As if we didn't have enough villains in the episode already...

At least they seemed to pick up just moments after they cut away. I don't think we missed much.

This was a fun variation on a "glimpsing the future" story. Fitz's view of how time works was actually a valid theory, and the explanation was fairly decent. It's worth noting that the episode didn't prove him wrong -- everything did happen exactly as predicted. I know that Marvel has tended to use a "time is immutable, but with alternate timelines" model in the comics. Have we seen anything else in the MCU that supports or refutes an immutable-timeline model?

My favorite bit was Daisy and the team using the future vision to "rehearse" the planned battle. I don't think I've seen that done in a time-related story before. "Okay, reset!" :lol:

Odd that HiveWard's idea of "true power" is something as brute-force as just having the physical strength to crush someone. That seems a bit basic for some great Big Bad. But maybe that's the point? That he's not the transcendental entity Malick expected, but just another thug? Still, he did make an interesting point about the flaw in the idea of supervillains bent on world domination -- namely, that you can effectively achieve that just by being rich and influential.

I don't think it was just about brute force - he referenced 'true power' as basically being an Inhuman. Doesn't matter what you could do specifically (control metal, burn people, show future death visions), it was the fact that you were special that gave you power. Presumably Malick isn't actually capable of becoming an Inhuman, so technology is his only possibility of gaining true power.

The fact that it was brute force technology specifically, I think had more to do with Hive's hidden agenda than his concept of power. He mentioned at the end that he was interested in that company's technology for some completely different reason than what he had told to Malick. And he also seemed to be manipulating Malick to an extent: superficially meeting his expectations (by giving him 'power') while forcing him into a new state of existence (the foot soldier/flunky instead of the hidden mastermind he's always been before).
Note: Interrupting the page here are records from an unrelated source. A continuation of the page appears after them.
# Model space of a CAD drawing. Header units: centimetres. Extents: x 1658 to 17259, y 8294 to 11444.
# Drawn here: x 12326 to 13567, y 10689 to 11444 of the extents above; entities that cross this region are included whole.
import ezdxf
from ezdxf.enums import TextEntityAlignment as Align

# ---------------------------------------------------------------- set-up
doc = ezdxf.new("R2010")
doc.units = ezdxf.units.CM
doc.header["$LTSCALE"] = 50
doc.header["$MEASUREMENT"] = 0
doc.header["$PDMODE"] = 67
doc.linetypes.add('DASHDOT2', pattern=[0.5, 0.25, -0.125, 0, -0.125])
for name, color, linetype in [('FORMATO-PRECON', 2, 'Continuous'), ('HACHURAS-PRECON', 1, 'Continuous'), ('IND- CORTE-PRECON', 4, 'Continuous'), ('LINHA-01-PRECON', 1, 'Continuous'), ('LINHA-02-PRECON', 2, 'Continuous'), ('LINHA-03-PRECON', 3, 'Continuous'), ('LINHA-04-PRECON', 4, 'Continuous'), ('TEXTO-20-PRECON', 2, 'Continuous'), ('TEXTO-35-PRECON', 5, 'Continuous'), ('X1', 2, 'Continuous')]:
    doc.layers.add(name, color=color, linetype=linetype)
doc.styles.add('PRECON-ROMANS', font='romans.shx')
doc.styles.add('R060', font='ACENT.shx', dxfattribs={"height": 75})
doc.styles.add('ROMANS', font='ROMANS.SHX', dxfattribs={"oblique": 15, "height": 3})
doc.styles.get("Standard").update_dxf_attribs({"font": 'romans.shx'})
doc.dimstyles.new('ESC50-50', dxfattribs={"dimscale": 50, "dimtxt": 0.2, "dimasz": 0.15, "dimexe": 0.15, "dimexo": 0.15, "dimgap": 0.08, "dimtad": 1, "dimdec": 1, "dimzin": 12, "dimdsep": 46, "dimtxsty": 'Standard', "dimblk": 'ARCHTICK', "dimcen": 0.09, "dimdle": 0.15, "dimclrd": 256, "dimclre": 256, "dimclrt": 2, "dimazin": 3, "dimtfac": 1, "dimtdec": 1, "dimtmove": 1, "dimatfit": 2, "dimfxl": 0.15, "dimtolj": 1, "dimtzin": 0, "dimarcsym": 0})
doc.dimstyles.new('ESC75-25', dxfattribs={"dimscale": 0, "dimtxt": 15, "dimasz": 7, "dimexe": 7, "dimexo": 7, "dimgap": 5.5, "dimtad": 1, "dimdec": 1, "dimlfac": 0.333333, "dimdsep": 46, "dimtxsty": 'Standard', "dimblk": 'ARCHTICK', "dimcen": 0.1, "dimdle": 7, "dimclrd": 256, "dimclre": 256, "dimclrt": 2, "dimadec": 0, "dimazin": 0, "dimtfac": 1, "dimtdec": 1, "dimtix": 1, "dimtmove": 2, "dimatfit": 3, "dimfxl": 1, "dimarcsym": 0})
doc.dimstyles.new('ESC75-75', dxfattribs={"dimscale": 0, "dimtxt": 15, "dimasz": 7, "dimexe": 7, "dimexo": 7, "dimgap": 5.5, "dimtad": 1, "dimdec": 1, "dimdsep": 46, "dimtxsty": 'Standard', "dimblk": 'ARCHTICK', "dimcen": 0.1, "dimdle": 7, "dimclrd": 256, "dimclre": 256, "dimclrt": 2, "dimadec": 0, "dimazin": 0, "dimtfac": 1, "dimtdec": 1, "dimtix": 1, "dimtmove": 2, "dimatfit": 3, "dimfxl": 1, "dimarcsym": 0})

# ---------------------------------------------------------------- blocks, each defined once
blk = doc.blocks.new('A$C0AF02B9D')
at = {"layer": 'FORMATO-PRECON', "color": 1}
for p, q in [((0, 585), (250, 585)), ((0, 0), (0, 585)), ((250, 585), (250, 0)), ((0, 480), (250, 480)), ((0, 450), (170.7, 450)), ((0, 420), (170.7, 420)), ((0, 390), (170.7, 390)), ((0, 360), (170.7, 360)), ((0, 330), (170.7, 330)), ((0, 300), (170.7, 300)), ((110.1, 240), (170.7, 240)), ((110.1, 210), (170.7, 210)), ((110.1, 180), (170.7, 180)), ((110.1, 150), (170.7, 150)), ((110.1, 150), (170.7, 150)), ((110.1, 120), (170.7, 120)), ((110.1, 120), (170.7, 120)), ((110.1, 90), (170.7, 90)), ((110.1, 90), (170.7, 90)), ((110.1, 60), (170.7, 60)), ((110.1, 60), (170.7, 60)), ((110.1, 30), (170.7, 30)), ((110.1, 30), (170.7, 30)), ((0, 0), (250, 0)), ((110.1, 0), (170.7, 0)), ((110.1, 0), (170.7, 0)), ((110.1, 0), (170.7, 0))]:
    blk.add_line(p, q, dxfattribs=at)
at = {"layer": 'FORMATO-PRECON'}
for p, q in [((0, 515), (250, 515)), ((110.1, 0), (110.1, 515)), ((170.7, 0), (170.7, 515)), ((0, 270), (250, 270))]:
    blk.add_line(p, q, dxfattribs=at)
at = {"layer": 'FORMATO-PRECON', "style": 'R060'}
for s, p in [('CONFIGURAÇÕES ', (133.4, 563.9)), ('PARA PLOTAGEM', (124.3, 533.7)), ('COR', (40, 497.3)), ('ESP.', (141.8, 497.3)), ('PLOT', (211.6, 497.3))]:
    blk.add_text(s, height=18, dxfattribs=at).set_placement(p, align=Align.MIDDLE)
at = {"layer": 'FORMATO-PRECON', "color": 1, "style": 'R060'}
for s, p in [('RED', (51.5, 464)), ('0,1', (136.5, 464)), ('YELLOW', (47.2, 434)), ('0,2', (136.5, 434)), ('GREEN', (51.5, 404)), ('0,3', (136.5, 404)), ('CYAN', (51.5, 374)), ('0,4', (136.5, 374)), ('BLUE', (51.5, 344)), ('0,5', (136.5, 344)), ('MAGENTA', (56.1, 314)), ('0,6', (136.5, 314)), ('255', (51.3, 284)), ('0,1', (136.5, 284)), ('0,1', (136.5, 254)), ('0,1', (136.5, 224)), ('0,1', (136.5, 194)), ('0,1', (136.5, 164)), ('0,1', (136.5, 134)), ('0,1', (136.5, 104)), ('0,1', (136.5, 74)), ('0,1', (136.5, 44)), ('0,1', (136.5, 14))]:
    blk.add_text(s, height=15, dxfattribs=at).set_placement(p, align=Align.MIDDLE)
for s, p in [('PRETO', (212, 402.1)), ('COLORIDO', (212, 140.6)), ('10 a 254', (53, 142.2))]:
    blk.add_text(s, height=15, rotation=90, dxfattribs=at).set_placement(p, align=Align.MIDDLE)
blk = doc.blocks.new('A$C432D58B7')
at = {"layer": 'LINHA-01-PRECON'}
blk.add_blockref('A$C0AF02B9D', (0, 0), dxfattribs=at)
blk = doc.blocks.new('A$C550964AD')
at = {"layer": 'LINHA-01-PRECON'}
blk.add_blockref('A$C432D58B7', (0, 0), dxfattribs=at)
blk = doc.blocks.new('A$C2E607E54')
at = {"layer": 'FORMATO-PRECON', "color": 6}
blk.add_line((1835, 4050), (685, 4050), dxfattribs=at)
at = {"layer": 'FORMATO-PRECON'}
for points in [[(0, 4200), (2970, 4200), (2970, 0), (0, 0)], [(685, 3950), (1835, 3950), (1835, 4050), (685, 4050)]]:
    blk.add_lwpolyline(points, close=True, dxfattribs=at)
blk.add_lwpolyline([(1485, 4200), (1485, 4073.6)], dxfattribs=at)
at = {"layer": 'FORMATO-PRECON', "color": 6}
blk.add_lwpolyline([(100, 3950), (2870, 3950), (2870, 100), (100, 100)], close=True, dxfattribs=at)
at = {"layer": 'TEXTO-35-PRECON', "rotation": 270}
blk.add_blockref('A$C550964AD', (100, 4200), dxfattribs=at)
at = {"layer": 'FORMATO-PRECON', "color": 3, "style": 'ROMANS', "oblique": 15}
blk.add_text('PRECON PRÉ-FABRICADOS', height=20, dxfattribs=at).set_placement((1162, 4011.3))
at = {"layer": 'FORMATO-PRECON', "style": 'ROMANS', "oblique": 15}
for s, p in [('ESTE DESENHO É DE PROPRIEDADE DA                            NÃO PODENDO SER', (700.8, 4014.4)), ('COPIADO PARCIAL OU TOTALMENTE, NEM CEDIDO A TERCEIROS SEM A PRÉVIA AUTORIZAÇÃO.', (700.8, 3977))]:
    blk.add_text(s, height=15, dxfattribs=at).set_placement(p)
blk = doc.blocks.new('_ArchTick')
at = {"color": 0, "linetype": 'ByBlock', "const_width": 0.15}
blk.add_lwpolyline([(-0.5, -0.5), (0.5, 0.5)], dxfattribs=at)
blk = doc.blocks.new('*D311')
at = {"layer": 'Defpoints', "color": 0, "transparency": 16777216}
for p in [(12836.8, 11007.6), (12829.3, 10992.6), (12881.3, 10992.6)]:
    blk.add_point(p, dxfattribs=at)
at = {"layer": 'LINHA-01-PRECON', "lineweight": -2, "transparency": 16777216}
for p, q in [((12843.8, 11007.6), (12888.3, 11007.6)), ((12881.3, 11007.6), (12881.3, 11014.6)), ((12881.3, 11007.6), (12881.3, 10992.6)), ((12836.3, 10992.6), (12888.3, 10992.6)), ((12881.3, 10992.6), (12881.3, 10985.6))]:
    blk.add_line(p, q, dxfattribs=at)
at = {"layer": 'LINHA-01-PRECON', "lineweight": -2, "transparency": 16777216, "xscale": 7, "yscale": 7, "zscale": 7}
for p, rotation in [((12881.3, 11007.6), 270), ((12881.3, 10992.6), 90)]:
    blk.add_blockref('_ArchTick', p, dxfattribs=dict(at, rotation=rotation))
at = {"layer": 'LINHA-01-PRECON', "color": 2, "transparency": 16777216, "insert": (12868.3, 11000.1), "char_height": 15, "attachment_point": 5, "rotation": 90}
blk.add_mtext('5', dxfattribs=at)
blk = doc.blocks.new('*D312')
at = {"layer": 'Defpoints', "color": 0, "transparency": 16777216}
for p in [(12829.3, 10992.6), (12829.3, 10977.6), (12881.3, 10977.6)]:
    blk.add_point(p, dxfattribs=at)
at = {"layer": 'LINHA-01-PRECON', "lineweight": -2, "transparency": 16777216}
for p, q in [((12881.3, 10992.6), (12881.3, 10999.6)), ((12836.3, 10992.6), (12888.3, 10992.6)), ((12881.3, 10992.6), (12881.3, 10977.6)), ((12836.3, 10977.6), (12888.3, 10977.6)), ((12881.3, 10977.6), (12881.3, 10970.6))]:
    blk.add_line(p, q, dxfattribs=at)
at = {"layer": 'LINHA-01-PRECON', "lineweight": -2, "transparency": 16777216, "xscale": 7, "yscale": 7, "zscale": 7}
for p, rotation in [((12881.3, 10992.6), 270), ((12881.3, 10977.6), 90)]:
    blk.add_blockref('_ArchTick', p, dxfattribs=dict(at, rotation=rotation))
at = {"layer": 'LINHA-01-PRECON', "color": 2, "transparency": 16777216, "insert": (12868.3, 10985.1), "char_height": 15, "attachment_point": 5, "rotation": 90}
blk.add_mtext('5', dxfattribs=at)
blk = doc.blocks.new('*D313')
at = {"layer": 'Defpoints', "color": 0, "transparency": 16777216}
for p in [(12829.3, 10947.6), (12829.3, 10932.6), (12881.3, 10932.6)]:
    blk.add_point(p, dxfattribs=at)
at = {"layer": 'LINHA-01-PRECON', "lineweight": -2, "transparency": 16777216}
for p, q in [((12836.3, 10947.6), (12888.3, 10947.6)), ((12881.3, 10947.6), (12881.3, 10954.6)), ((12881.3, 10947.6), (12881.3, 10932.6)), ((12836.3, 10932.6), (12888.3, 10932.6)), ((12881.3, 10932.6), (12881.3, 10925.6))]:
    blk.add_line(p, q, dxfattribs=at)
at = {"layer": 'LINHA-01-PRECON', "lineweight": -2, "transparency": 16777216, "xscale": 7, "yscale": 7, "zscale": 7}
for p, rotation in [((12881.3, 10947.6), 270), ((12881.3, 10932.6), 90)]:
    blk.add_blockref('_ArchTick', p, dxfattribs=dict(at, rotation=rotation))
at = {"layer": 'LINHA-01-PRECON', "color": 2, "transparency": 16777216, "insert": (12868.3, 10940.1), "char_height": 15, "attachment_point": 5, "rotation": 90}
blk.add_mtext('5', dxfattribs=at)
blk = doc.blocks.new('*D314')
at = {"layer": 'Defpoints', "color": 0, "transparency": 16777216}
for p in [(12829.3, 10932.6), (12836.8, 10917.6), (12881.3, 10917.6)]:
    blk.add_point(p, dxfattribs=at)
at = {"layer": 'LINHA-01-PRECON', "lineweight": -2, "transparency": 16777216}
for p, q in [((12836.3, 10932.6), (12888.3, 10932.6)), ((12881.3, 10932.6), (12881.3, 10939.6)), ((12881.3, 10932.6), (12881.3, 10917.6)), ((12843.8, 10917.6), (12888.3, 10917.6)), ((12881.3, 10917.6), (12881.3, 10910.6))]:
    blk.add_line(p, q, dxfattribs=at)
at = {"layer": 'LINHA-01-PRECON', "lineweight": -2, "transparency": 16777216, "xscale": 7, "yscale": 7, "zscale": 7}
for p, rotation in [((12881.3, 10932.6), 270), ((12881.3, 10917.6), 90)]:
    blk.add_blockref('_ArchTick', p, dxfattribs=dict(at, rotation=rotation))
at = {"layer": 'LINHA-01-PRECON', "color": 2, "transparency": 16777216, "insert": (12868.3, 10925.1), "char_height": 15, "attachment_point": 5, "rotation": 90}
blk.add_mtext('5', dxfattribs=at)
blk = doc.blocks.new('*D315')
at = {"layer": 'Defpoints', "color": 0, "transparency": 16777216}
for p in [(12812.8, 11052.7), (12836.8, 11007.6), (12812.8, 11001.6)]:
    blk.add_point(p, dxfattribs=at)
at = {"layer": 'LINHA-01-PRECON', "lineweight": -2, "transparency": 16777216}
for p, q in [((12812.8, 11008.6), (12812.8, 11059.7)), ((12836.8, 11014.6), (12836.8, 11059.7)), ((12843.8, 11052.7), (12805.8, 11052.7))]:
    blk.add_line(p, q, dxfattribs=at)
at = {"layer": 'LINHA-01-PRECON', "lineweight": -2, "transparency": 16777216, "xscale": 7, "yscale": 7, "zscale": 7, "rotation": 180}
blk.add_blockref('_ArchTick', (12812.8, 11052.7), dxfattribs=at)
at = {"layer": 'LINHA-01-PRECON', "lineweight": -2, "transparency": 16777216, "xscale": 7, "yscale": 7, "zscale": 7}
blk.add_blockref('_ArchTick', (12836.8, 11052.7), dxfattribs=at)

It also simply might have had a little bit to do with Coulson's murder of Ward, since that did seem to be on the guy's mind, as well.

I think he was just trying to teach Malick to broaden his horizons, to try doing something that even he, a super powerful evil world-manipulating billionaire, had never done before.

The thing that I wasn't quite sure about was the final line of the episode, when he was talking to Giyera on the phone and Giyera said he sounded afraid. Did that mean that Malick was afraid that he didn't fit into Hive's new world order?

Btw, speaking of the Neo/Matrix comparison before, the "he sounded afraid" line immediately took me to Starship Troopers. (the brain bug scene at the very end)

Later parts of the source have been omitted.